Dom pani Antoniny jest jednym z najmniejszych i najskromniejszych w wiosce. Nieduży, z pustaków, bez elewacji. Obok stoi chyląca się drewniana ni to stodoła, ni to kurnik. Kobieta hodowała kury - do dziś jeść im daje sąsiadka, prokurator jej pozwolił. Bo teraz on zarządza tym terenem. Okna i drzwi zaklejone są policyjną taśmą.

Za domem niewielkie podwórko i kawałek ziemi. To warzywniak. Całość sprawia bardzo skromne wrażenie. Niedaleko stoją bogatsze, odnowione domy, świeżo pomalowane, z nowiutkimi dachami i oknami.

Mieszkańcom trudno uwierzyć, że właśnie mieszkankę tak niepozornego domu napadnięto w celach rabunkowych. Bo co ona tam miała...

- Rentę po mężu przelewali na konto, a w domu tych parę sprzętów. I za co ją zabili? - pyta Maria Dębowska, bratowa zamordowanej. Mieszka w domu obok. Do dziś nie może przeżyć, że jej pies, Kajtek, nie ostrzegł, że w domu bratowej coś się dzieje.

- Może nie szczekał? A może szczekał, a ja nie słyszałam? Noc była przecież. Żeby ona chociaż psa miała, toby ją może uratował - mówi pani Maria.

Z bratową dobrze żyła. Wszyscy z nią dobrze żyli.

W młodości była silna

Pani Antonina do wioski sprowadziła się około 1965 roku, za mężem Kazimierzem. On stąd pochodził. - Skromna, wesoła, uczynna. Każdemu pomogła, jeśli było trzeba - wspomina jej kuzynka, Dorota Palonek.

Gdy była młoda, miała krzepę jak mężczyzna. Pracowała w firmie budowlanej w Krakowie. Potrafiła metr cementu na piętro wnieść, dwa pakunki, pod każdą pachą jeden.

A co w tej firmie robiła? Wszystko, jak to na budowie.

Małżeństwo doczekało się pięciorga dzieci. Cztery córki i syn. Kiedy dorosły, porozjeżdżały się po Polsce. Niektóre blisko, inne daleko.

Pani Antonina została tylko z mężem. Gdy zmarł kilkanaście lat temu, prowadziła gospodarstwo sama.
- Dawała sobie radę, była jak na swój wiek sprawna.
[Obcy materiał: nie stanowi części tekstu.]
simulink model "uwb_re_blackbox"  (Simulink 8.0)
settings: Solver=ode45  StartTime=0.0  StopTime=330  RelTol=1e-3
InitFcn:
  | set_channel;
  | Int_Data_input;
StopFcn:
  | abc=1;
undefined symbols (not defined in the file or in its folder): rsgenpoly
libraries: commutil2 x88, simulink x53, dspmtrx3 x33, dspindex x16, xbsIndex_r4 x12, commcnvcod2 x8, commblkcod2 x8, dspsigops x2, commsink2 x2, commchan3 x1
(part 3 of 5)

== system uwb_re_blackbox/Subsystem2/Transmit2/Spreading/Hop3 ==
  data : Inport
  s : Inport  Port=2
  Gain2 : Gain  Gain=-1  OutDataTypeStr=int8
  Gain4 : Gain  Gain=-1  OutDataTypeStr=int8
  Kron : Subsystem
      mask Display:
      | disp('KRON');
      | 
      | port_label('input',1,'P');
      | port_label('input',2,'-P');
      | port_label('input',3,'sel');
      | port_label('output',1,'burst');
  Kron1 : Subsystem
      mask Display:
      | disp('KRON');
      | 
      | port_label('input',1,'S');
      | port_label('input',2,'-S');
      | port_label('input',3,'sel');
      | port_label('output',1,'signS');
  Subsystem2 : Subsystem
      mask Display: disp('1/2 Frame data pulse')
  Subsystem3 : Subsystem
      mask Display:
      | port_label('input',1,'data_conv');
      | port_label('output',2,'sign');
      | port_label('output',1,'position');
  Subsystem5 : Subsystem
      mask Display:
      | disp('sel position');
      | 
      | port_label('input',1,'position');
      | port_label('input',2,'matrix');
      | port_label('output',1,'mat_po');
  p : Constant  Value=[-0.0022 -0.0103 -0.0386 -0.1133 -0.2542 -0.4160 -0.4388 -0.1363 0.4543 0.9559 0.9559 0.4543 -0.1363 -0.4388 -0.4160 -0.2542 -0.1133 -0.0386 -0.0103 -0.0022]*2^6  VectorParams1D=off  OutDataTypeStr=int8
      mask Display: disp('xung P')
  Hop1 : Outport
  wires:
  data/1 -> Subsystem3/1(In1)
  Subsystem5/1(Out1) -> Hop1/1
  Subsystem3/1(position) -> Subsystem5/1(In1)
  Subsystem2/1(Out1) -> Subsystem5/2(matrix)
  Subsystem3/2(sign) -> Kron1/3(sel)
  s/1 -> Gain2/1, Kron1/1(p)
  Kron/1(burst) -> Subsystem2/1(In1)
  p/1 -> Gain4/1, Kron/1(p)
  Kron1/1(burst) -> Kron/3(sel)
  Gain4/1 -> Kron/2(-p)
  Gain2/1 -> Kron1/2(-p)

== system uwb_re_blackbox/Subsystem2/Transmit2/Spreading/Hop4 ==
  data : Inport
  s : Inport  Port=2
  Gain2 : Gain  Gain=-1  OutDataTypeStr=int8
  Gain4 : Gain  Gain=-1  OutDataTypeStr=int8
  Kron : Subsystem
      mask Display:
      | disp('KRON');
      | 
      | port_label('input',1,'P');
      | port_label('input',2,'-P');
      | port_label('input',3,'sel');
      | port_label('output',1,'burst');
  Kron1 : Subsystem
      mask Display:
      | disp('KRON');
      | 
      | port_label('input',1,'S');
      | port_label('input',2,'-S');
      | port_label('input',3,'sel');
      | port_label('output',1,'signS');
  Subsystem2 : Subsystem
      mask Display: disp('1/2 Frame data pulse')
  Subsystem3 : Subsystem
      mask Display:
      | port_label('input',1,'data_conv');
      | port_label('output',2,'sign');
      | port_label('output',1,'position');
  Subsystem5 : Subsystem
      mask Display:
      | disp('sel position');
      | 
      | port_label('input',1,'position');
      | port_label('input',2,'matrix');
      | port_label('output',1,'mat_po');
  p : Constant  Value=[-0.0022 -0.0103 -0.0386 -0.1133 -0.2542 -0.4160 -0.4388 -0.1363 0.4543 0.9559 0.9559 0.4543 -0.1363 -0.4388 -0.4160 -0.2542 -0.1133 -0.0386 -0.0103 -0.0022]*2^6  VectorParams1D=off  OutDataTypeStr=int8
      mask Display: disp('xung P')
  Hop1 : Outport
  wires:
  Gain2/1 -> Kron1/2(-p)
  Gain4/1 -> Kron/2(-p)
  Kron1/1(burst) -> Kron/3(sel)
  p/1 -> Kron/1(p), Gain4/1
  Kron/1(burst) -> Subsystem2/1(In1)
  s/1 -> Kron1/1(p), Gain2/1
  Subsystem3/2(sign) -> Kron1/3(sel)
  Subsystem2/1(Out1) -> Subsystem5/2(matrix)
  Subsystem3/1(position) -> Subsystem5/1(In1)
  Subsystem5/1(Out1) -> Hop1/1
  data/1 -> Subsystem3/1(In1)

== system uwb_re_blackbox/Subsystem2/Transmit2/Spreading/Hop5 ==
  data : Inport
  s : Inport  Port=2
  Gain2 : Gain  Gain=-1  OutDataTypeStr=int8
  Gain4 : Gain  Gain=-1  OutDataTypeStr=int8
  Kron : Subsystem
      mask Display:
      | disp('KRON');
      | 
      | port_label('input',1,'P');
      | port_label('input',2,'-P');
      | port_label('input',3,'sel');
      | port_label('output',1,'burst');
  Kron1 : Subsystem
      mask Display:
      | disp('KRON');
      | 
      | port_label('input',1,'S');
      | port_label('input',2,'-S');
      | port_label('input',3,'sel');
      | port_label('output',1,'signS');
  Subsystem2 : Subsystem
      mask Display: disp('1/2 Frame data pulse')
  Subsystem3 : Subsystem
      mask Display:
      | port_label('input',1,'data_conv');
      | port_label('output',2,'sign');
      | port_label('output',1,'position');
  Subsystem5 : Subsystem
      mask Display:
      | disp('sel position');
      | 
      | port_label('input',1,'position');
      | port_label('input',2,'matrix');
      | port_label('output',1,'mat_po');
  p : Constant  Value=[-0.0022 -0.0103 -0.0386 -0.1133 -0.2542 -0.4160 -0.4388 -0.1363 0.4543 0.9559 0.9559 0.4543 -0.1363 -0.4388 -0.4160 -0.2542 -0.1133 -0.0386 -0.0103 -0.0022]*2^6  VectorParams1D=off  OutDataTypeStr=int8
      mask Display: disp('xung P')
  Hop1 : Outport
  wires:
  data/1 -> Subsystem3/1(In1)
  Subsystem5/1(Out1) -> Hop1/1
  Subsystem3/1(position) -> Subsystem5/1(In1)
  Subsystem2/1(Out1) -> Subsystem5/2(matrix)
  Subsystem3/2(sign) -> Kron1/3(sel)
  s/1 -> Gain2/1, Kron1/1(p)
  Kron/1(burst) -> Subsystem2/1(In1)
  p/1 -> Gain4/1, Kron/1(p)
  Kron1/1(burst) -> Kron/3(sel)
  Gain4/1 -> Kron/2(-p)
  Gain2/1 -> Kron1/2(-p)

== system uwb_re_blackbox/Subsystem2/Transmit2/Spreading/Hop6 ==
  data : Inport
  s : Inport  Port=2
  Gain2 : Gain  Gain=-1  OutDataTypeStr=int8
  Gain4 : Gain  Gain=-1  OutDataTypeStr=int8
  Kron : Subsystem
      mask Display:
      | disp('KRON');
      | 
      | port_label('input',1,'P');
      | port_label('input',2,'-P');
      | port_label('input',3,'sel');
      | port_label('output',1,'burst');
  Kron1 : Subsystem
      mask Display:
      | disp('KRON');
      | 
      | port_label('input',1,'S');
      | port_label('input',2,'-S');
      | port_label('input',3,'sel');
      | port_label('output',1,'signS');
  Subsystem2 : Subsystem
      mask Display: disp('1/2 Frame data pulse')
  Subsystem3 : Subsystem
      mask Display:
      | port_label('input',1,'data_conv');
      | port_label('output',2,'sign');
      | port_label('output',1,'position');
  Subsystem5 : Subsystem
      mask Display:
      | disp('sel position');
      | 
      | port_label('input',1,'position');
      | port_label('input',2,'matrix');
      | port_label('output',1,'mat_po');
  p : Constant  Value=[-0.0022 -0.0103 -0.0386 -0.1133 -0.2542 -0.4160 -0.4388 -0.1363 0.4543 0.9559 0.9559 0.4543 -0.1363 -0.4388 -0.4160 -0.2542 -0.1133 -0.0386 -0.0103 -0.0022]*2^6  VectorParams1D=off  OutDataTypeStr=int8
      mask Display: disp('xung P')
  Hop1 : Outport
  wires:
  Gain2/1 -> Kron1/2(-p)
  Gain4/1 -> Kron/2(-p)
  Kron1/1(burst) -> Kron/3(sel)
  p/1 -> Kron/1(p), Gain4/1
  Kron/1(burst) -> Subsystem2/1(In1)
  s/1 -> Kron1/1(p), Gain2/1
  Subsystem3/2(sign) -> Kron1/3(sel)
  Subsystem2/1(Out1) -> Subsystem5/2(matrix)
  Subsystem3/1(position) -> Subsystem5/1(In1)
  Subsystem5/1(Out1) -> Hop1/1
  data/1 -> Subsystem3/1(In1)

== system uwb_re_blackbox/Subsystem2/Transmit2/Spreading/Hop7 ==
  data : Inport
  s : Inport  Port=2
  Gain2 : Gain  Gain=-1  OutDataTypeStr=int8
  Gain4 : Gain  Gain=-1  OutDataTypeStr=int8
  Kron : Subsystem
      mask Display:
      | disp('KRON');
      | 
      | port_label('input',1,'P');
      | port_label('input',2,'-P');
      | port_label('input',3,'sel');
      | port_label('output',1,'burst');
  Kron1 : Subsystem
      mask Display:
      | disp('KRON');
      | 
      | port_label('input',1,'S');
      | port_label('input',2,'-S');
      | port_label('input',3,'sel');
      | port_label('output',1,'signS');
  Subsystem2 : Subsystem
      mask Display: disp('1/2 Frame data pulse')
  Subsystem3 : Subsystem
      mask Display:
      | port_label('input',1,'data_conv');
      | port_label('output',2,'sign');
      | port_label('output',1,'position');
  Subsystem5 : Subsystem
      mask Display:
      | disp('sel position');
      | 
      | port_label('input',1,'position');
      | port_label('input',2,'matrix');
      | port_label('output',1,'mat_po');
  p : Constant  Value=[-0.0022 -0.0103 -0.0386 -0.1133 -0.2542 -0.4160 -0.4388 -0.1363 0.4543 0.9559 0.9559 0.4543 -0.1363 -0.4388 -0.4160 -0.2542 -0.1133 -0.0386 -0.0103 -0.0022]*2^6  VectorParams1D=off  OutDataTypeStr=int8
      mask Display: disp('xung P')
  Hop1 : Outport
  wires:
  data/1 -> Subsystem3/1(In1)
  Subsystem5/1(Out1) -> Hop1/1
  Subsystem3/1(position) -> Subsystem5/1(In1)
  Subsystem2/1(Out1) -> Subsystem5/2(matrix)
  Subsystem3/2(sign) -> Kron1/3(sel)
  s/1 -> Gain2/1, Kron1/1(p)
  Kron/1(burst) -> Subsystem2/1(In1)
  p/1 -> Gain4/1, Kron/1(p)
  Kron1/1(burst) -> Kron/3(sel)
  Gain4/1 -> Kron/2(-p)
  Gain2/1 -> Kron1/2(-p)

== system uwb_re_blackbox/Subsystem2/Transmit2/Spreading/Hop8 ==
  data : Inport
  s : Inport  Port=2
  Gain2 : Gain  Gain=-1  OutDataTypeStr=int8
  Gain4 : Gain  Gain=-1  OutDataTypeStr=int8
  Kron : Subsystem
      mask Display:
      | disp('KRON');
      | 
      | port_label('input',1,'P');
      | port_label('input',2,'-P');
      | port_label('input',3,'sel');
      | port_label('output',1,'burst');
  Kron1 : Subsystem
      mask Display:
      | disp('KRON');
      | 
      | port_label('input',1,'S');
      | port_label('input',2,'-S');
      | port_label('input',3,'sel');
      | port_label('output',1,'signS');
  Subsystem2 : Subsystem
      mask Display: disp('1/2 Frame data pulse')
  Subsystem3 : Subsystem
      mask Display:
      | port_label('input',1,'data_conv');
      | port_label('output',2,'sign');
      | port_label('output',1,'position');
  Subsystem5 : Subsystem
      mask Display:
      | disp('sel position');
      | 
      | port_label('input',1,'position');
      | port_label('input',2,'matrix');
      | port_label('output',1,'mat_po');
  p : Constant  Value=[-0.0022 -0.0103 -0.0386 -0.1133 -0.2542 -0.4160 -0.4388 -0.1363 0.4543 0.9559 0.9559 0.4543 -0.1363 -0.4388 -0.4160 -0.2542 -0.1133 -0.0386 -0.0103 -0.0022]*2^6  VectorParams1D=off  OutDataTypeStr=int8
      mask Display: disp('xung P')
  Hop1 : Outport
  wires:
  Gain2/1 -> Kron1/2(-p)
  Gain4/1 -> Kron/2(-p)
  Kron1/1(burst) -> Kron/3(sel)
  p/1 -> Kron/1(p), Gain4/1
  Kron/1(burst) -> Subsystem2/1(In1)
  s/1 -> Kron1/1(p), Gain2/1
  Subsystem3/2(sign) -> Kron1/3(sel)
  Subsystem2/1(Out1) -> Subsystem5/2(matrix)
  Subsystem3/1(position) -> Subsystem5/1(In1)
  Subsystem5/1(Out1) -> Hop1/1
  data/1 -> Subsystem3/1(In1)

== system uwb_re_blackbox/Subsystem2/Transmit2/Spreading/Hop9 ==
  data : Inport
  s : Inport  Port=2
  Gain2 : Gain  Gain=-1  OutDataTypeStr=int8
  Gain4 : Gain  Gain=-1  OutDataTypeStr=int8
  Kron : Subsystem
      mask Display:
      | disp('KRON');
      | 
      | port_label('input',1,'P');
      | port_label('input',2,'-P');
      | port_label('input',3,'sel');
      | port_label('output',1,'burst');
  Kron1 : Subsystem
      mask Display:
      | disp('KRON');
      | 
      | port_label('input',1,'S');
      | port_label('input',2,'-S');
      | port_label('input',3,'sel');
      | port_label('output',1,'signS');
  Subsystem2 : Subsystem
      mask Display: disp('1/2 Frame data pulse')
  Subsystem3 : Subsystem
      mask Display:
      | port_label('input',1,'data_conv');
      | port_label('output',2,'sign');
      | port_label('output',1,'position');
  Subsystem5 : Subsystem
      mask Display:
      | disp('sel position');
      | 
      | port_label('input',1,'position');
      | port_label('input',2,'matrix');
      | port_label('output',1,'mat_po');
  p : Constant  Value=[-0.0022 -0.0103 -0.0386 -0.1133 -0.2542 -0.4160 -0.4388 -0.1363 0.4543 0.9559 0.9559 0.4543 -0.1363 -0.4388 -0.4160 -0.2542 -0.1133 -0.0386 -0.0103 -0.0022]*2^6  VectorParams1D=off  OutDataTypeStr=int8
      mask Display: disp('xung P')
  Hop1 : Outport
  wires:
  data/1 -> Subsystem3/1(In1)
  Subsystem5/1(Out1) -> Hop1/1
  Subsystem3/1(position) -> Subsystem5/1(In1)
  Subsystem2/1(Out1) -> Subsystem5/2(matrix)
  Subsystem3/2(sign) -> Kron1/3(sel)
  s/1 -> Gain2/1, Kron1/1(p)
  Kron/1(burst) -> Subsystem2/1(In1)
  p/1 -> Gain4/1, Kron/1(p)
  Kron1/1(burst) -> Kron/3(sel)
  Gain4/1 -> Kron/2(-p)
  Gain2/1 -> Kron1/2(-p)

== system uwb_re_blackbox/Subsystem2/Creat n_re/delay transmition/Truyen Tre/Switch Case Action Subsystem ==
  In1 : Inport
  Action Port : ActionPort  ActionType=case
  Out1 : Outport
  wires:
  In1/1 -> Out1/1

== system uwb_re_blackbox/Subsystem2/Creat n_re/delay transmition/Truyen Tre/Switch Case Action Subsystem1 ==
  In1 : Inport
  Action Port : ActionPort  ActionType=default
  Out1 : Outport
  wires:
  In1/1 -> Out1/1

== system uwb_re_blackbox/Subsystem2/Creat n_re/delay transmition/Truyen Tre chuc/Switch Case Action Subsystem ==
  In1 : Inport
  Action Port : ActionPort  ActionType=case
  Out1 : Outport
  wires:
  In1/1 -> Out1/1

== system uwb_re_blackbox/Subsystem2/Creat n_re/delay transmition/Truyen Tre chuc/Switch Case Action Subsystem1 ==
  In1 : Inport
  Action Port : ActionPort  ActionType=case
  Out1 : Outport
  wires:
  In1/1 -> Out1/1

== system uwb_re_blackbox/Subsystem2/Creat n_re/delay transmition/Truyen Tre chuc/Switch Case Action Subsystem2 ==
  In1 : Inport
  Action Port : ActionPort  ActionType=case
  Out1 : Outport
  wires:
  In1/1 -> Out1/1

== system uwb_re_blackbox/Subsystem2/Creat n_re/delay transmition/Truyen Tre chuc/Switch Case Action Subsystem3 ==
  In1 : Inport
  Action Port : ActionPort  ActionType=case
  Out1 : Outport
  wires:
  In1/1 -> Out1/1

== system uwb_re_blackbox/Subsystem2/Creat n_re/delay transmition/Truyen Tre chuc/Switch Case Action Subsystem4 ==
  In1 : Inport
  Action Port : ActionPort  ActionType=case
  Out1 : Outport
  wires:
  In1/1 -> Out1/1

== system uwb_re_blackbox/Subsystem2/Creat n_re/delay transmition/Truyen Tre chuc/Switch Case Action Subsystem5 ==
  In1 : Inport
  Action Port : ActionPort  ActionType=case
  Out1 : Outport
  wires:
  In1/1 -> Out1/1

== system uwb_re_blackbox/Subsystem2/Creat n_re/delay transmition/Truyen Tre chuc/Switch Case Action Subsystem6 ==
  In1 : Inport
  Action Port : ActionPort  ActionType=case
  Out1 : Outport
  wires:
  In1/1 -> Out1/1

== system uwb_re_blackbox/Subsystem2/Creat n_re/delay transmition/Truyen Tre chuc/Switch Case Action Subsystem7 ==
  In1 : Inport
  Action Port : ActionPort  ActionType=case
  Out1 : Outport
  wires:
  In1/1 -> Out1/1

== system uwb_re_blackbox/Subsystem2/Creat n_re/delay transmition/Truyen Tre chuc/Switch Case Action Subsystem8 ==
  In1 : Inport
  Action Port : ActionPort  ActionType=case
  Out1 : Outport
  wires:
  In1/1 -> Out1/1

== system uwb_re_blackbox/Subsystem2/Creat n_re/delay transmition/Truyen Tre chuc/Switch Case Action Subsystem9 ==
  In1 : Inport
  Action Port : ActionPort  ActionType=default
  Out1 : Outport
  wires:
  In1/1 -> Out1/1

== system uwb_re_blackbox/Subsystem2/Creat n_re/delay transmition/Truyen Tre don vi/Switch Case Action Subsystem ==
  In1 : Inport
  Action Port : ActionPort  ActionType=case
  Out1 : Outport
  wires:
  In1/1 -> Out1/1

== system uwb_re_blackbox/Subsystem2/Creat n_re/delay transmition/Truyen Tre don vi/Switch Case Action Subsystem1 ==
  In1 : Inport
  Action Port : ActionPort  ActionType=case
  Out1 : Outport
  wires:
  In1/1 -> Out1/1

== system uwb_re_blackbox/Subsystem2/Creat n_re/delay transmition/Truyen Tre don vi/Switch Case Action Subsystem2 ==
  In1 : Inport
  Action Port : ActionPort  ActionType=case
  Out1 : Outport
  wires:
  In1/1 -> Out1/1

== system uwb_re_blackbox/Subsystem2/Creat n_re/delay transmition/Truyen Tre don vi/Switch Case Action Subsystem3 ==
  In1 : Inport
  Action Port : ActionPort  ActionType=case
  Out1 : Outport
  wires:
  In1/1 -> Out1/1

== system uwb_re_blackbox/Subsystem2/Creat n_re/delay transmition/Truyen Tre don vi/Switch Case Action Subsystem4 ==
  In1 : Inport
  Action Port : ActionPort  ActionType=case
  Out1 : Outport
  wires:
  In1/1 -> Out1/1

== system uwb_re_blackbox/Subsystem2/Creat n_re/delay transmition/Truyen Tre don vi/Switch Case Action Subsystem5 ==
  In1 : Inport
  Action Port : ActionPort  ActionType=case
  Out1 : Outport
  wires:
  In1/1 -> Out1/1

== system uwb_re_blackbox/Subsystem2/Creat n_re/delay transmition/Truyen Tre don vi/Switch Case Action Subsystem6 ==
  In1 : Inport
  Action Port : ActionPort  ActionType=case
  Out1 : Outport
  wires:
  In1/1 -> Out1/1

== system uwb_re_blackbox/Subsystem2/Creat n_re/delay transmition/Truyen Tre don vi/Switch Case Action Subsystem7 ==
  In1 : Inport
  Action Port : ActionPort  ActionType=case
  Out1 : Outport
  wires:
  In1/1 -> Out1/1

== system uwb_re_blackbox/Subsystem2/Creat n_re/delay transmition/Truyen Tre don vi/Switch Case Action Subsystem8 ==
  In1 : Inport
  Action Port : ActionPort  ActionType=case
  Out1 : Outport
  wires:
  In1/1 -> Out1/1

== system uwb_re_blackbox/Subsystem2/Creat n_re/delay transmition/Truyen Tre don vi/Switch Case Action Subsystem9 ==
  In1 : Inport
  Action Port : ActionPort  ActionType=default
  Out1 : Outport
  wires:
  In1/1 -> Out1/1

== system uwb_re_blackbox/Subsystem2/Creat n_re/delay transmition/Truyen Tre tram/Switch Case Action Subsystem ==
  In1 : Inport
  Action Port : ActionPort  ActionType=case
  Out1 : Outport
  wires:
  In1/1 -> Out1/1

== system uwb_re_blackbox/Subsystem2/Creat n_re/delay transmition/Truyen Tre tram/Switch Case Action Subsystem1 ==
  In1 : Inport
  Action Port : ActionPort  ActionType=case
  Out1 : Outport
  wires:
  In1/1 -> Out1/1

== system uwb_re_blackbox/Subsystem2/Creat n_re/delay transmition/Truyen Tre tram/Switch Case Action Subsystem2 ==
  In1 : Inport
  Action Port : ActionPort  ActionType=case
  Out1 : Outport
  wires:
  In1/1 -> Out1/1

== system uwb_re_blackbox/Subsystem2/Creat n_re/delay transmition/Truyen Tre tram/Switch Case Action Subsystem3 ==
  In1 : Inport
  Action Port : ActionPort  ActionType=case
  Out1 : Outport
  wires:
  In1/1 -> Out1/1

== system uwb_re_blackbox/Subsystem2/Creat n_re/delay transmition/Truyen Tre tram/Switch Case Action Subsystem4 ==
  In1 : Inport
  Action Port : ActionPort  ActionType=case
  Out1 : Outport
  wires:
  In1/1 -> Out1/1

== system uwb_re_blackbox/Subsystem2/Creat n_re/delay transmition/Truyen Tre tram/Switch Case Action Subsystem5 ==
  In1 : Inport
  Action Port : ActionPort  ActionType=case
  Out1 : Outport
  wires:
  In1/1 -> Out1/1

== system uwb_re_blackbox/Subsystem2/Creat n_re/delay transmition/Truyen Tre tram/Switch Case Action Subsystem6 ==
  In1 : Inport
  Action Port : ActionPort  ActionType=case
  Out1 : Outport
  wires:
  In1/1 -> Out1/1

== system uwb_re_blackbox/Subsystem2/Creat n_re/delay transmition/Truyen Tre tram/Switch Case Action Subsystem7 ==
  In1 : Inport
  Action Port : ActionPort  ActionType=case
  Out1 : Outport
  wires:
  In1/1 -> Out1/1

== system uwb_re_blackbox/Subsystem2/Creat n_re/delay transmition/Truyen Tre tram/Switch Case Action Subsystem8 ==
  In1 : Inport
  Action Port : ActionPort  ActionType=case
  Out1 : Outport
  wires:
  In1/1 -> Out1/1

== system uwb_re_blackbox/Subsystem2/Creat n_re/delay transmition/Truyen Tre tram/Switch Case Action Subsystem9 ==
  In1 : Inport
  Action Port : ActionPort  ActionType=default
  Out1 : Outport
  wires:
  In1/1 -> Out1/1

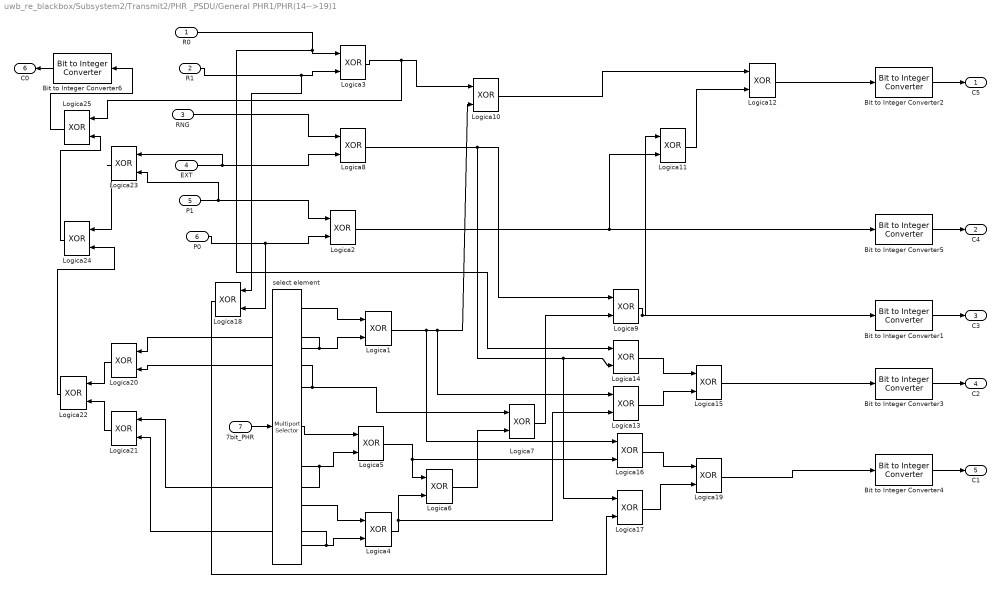
== system uwb_re_blackbox/Subsystem2/Transmit2/PHR _PSDU/General PHR1/PHR(14-->19)1 ==
  R0 : Inport
  R1 : Inport  Port=2
  RNG : Inport  Port=3
  EXT : Inport  Port=4
  P1 : Inport  Port=5
  P0 : Inport  Port=6
  7bit_PHR : Inport  Port=7
  Bit to Integer Converter{1..6} (6 alike) : commutil2/Bit to Integer Converter  nbits=1  bitOrder=MSB first  signedOutputValues=Unsigned  outDtype=int8  outDtypeSigned=Inherit via internal rule
  Logica{1..25} (25 alike) : Logic  Operator=XOR  AllPortsSameDT=off  OutDataTypeStr=boolean
  select element : dspindex/Multiport Selector  rowsOrCols=Columns  idxCellArray={ 1,2,3,4,5,6,7}  idxErrMode=Clip Index
  C5 : Outport
  C4 : Outport  Port=2
  C3 : Outport  Port=3
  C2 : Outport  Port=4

Dopiero niedawno zaczęła chorować, przygięło ją do ziemi - mówi jej kuzynka. W ogrodzie uprawiała ziemniaki, truskawki, winogrona, w sadzie jabłka i śliwki. Gdy obrodziły, rozdawała je sąsiadom.

Nie bała się przeciwności losu. Zdarzało się, że nawet nie zamykała drzwi od domu. Wtedy przeżyła pierwszy napad.
To było w lecie 2012 roku. Zmęczona wróciła z warzywniaka po pracy. Drzwi zostawiła otwarte...
- Opowiadała potem, że spała, było ciemno. Obudziła się, a w pokoju stała ciemna postać. "Kazek, co ty robisz?", zapytała, bo wydawało się, że to jej mąż - opowiada jej bratowa.
Mężczyzna zaczął ją bić i zagroził "Zamknij się, bo cię zabiję albo zgwałcę". I potem uciekł. Pani Antonina miała zadrapania na twarzy i piersiach.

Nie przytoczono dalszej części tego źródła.